TGG and KXL: On January 20, 2021, President Biden issued an Inauguration Day executive order to rescind the construction permit for the Keystone XL (KXL) pipeline. Since KXL was first proposed by TransCanada in 2008, the pipeline has been the subject of a long and divisive public debate. This debate and the accompanying media coverage have been characterized by significant misunderstanding and misinformation concerning the pipeline’s environmental and economic impacts. During the Obama Presidency, the pipeline underwent an extensive federal review process by the State Department over a seven-year period. TGG released several highly influential expert reports, notably Pipe Dreams and the Keystone XL Market Analysis, described here. Our reports demonstrated to the Obama Administration and the media that the economic benefits of KXL have been greatly exaggerated by the proponents while the environmental costs have been understated. See Project Pages for Keystone XL in South Dakota and Keystone XL Job Study for more information about TGG’s work on KXL.

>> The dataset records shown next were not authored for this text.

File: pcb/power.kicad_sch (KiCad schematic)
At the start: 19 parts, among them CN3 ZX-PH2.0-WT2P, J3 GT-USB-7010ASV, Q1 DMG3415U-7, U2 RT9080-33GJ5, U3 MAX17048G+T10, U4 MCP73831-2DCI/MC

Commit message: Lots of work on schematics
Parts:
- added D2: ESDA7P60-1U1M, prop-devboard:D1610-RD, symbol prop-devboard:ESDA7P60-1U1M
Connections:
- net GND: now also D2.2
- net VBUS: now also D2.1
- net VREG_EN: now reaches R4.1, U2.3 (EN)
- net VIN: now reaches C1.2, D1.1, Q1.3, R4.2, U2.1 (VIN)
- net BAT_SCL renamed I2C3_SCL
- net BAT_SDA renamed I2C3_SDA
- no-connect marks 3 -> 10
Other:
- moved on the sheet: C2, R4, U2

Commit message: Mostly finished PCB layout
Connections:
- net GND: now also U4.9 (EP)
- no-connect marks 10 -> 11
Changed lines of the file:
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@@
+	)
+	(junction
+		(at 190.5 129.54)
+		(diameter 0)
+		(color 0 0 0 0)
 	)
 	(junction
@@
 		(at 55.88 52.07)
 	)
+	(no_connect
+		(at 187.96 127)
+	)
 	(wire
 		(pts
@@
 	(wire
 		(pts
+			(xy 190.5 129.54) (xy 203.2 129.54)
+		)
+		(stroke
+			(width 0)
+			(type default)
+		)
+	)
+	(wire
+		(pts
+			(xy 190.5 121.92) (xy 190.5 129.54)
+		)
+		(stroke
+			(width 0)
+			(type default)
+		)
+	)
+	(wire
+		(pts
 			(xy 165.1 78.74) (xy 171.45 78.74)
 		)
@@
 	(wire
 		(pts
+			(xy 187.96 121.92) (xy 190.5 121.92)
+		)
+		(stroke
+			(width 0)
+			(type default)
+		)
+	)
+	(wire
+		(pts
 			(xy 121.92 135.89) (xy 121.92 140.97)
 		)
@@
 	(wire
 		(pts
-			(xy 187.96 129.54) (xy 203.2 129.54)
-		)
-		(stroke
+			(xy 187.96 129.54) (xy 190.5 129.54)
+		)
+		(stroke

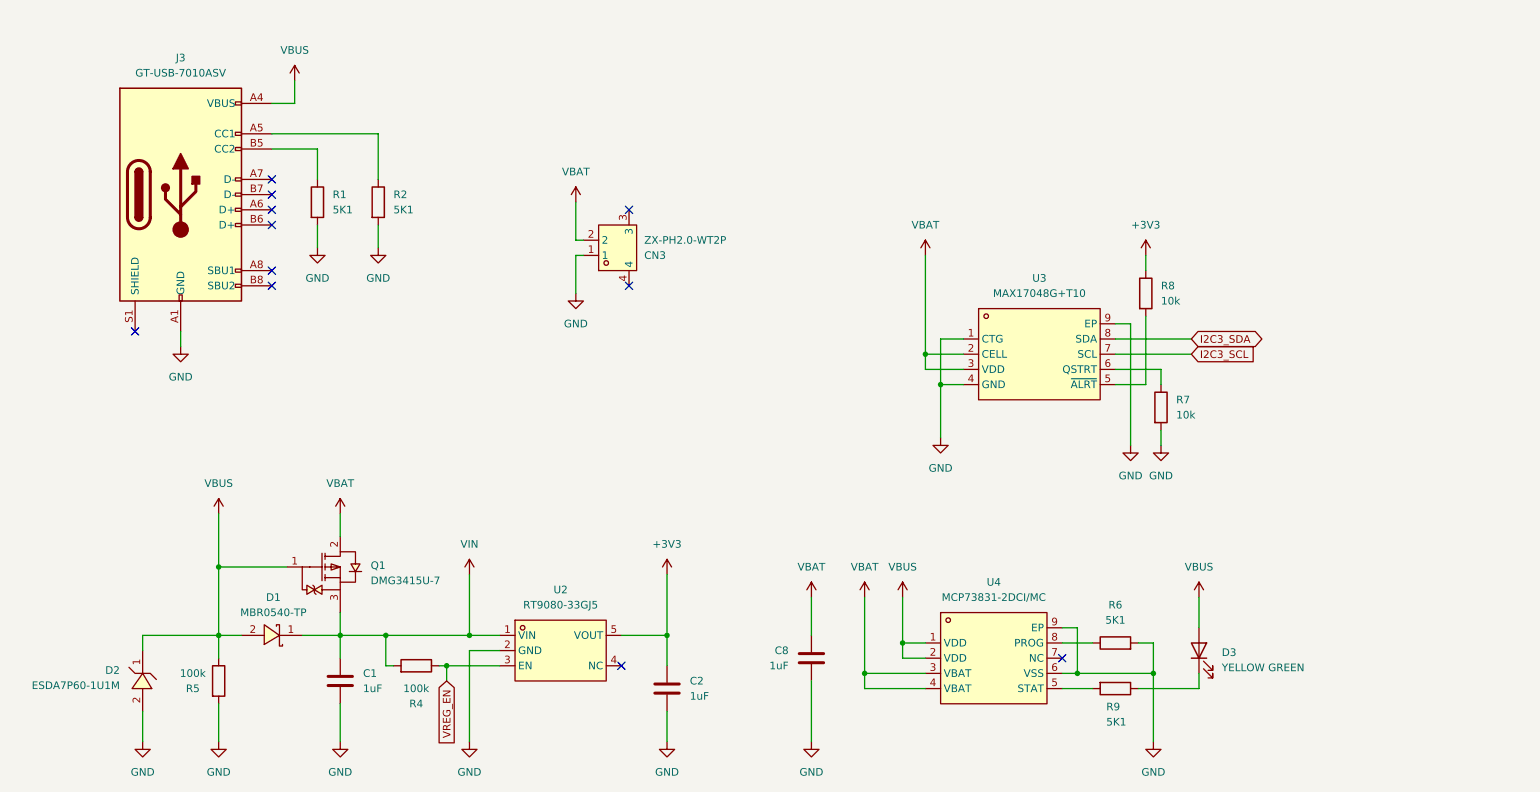
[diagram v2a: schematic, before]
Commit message: Added USB support
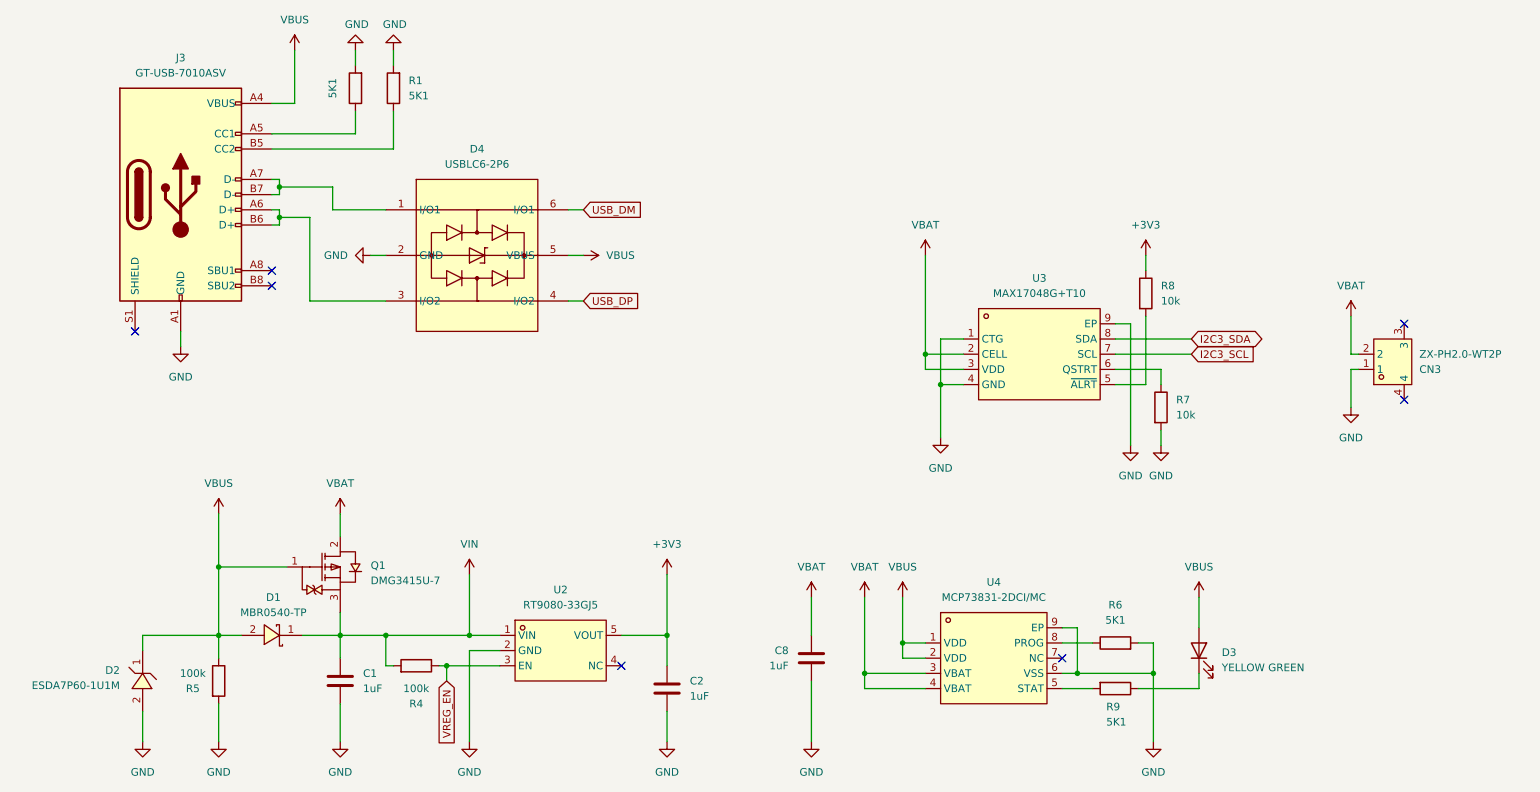
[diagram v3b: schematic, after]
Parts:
- added D4: USBLC6-2P6, prop-devboard:SOT-666-6_L1.6-W1.2-P0.50-LS1.6-BR, symbol prop-devboard:USBLC6-2P6
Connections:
- net GND: now also D4.2 (GND)
- net VBUS: now also D4.5 (VBUS)
- net at J3.A6 (D+): now also J3.B6 (D+), D4.3 (I/O2)
- net at J3.A7 (D-): now also J3.B7 (D-), D4.1 (I/O1)
- new net USB_DM: D4.6 (I/O1)
- new net USB_DP: D4.4 (I/O2)
- no-connect marks 11 -> 7
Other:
- moved on the sheet: CN3, R1

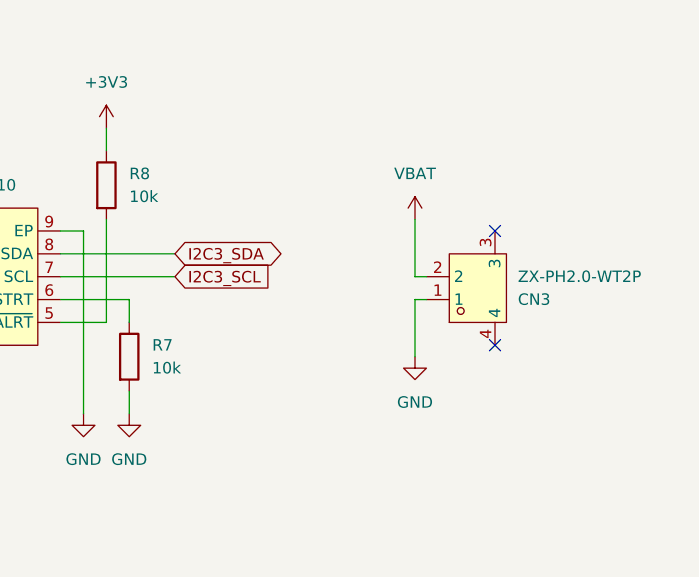
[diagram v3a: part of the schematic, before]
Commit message: Fixed wrong polarity of the battery connector, uffff
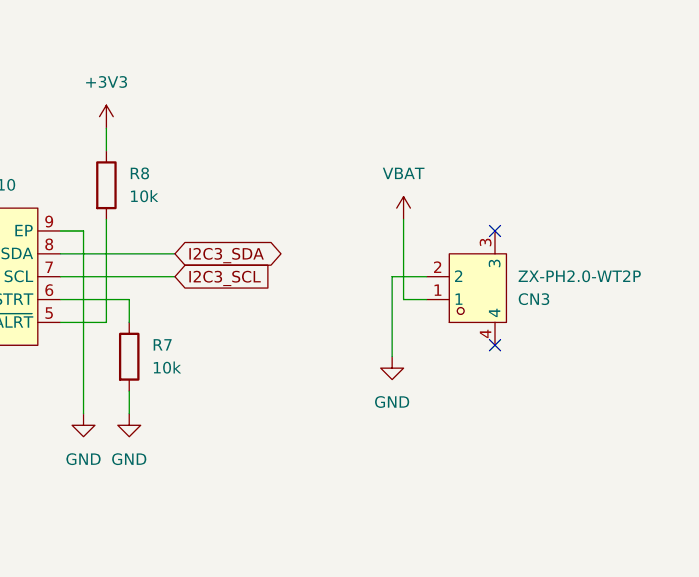
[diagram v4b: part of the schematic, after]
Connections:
- net GND: now also CN3.2; no longer CN3.1
- net VBAT: now also CN3.1; no longer CN3.2
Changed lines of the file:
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@@
 	(wire
 		(pts
-			(xy 236.22 76.2) (xy 236.22 69.85)
-		)
-		(stroke
-			(width 0)
-			(type default)
-		)
-	)
-	(wire
-		(pts
 			(xy 190.5 129.54) (xy 203.2 129.54)
 		)
@@
 	(wire
 		(pts
+			(xy 234.95 69.85) (xy 234.95 78.74)
+		)
+		(stroke
+			(width 0)
+			(type default)
+		)
+	)
+	(wire
+		(pts
 			(xy 88.9 125.73) (xy 88.9 140.97)
 		)
@@
 	(wire
 		(pts
+			(xy 234.95 78.74) (xy 237.49 78.74)
+		)
+		(stroke
+			(width 0)
+			(type default)
+		)
+	)
+	(wire
+		(pts
 			(xy 46.99 111.76) (xy 46.99 123.19)
 		)
@@
 	(wire
 		(pts
-			(xy 237.49 78.74) (xy 236.22 78.74)
-		)
-		(stroke
-			(width 0)
-			(type default)
-		)
-	)
-	(wire
-		(pts
 			(xy 146.05 116.84) (xy 146.05 123.19)
 		)
@@
 	(wire
 		(pts
-			(xy 236.22 78.74) (xy 236.22 85.09)
+			(xy 233.68 76.2) (xy 233.68 85.09)
 		)
 		(stroke
@@
 	(wire
 		(pts
+			(xy 237.49 76.2) (xy 233.68 76.2)
+		)
+		(stroke
+			(width 0)
+			(type default)
+		)
+	)
+	(wire
+		(pts
 			(xy 165.1 76.2) (xy 171.45 76.2)
 		)
@@
 	(wire
 		(pts
-			(xy 237.49 76.2) (xy 236.22 76.2)
-		)
-		(stroke
-			(width 0)
-			(type default)
-		)
-	)
-	(wire
-		(pts
 			(xy 161.29 116.84) (xy 161.29 124.46)
 		)
@@
 	(symbol
 		(lib_id "power:VBUS")
-		(at 236.22 69.85 0)
+		(at 234.95 69.85 0)
 		(unit 1)
 		(exclude_from_sim no)
@@
 		(fields_autoplaced yes)
 		(property "Reference" "#PWR017"
-			(at 236.22 73.66 0)
+			(at 234.95 73.66 0)
 			(effects
 				(font
@@
 		)
 		(property "Value" "VBAT"
-			(at 236.22 64.77 0)
+			(at 234.95 64.77 0)
 			(effects
 				(font
@@
 		)
 		(property "Footprint" ""
-			(at 236.22 69.85 0)
+			(at 234.95 69.85 0)
 			(effects
 				(font
@@
 		)
 		(property "Datasheet" ""
-			(at 236.22 69.85 0)
+			(at 234.95 69.85 0)
 			(effects
 				(font
@@
 		)
 		(property "Description" "Power symbol creates a global label with name \"VBUS\""
-			(at 236.22 69.85 0)
+			(at 234.95 69.85 0)
 			(effects
 				(font
@@
 	(symbol
 		(lib_id "power:GND")
-		(at 236.22 85.09 0)
+		(at 233.68 85.09 0)
 		(unit 1)
 		(exclude_from_sim no)
@@
 		(fields_autoplaced yes)
 		(property "Reference" "#PWR015"
-			(at 236.22 91.44 0)
+			(at 233.68 91.44 0)
 			(effects
 				(font
@@
 		)
 		(property "Value" "GND"
-			(at 236.22 90.17 0)
+			(at 233.68 90.17 0)
 			(effects
 				(font
@@
 		)
 		(property "Footprint" ""
-			(at 236.22 85.09 0)
+			(at 233.68 85.09 0)
 			(effects
 				(font
@@
 		)
 		(property "Datasheet" ""
-			(at 236.22 85.09 0)
+			(at 233.68 85.09 0)
 			(effects
 				(font
@@
 		)
 		(property "Description" "Power symbol creates a global label with name \"GND\" , ground"
-			(at 236.22 85.09 0)
+			(at 233.68 85.09 0)
 			(effects
 				(font

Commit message: Switched battery and QWIIC connectors to black ones, and fixed their positioning to not obstruct bolt heads when M2.5 cylindrical bolts are used to mount the board
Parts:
- CN3: footprint prop-devboard:CONN-SMD_ZX-PH2.0-WT2P -> prop-devboard:CONN-SMD_PH-2AWT; LCSC Part C7429689 -> C19633668
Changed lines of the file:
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@@
 			)
 		)
-		(property "Footprint" "prop-devboard:CONN-SMD_ZX-PH2.0-WT2P"
+		(property "Footprint" "prop-devboard:CONN-SMD_PH-2AWT"
 			(at 241.3 63.5 0)
 			(effects
@@
 			)
 		)
-		(property "LCSC Part" "C7429689"
+		(property "LCSC Part" "C19633668"
 			(at 241.3 60.96 0)
 			(effects
 				(font
+					(size 1.27 1.27)
+				)
+				(hide yes)
+			)
+		)
+		(property "LCSC Part #" ""
+			(at 241.3 77.47 0)
+			(effects
+				(font

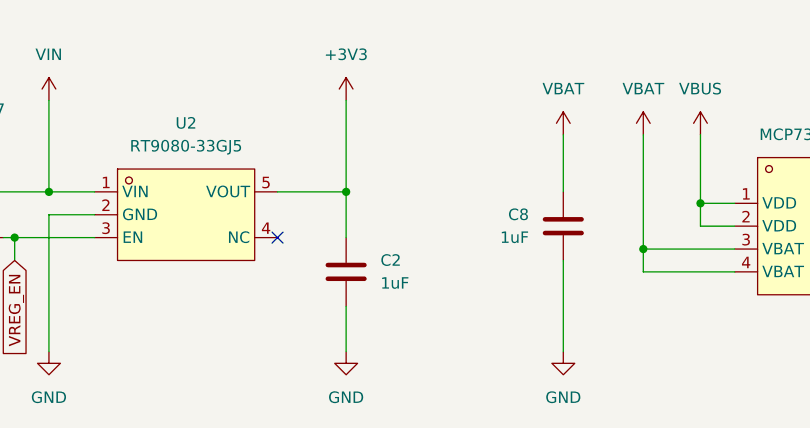
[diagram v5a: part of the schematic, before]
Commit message: Added I2C pull ups, extra bypass capacitance for the MCU and increased the LDO output capacitance
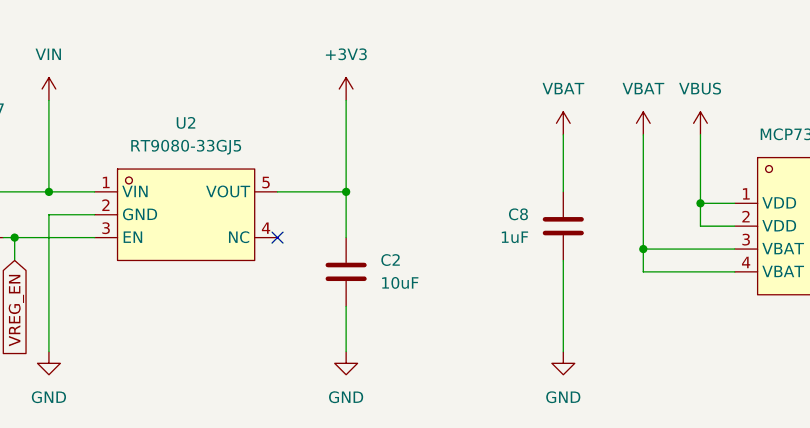
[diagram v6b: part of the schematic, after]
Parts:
- C2: value 1uF -> 10uF; LCSC Part # C14445 -> C15525
- R5: LCSC Part # C60491 -> C25741
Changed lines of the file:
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@@
 			)
 		)
-		(property "Value" "1uF"
+		(property "Value" "10uF"
 			(at 125.73 133.3499 0)
 			(effects
@@
 			)
 		)
-		(property "LCSC Part #" "C14445"
+		(property "LCSC Part #" "C15525"
 			(at 121.92 132.08 0)
 			(effects
@@
 			)
 		)
-		(property "LCSC Part #" "C60491"
+		(property "LCSC Part #" "C25741"
 			(at 46.99 130.81 0)
 			(effects

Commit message: More PCB layout updates
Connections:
- net USBC_DP: now reaches D4.3 (I/O2), J3.A6 (D+), J3.B6 (D+)
- net USBC_DN: now reaches D4.1 (I/O1), J3.A7 (D-), J3.B7 (D-)
- net USB_DM renamed USB_DN
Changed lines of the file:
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@@
+	(wire
+		(pts
+			(xy 62.23 67.31) (xy 74.93 67.31)
+		)
+		(stroke
+			(width 0)
+			(type default)
+		)
+	)
 	(wire
 		(pts
@@
 	(wire
 		(pts
-			(xy 62.23 67.31) (xy 74.93 67.31)
-		)
-		(stroke
-			(width 0)
-			(type default)
-		)
-	)
-	(wire
-		(pts
 			(xy 201.93 69.85) (xy 201.93 81.28)
 		)
@@
 			(width 0)
 			(type default)
+		)
+	)
+	(label "USBC_DN"
+		(at 67.31 52.07 0)
+		(effects
+			(font
+				(size 1.27 1.27)
+			)
+			(justify left bottom)
+		)
+	)
+	(label "USBC_DP"
+		(at 67.31 67.31 0)
+		(effects
+			(font
+				(size 1.27 1.27)
+			)
+			(justify left bottom)
 		)
 	)
@@
 		)
 	)
-	(global_label "USB_DM"
+	(global_label "USB_DN"
 		(shape input)
 		(at 107.95 52.07 0)
@@
 		)
 		(property "Intersheetrefs" "${INTERSHEET_REFS}"
-			(at 118.4342 52.07 0)
+			(at 118.3133 52.07 0)
 			(effects
 				(font

TGG has been evaluating green job impacts for over 30 years. In November 2011, TGG prepared an expert report for the Sierra Club (National) entitled Employment Impacts of Air Pollution Controls at North Dakota Coal Plants. The purpose of this study was to estimate the employment impacts of pollution-control expenditures at the Milton R. Young and Leland Olds coal-fired plants in North Dakota.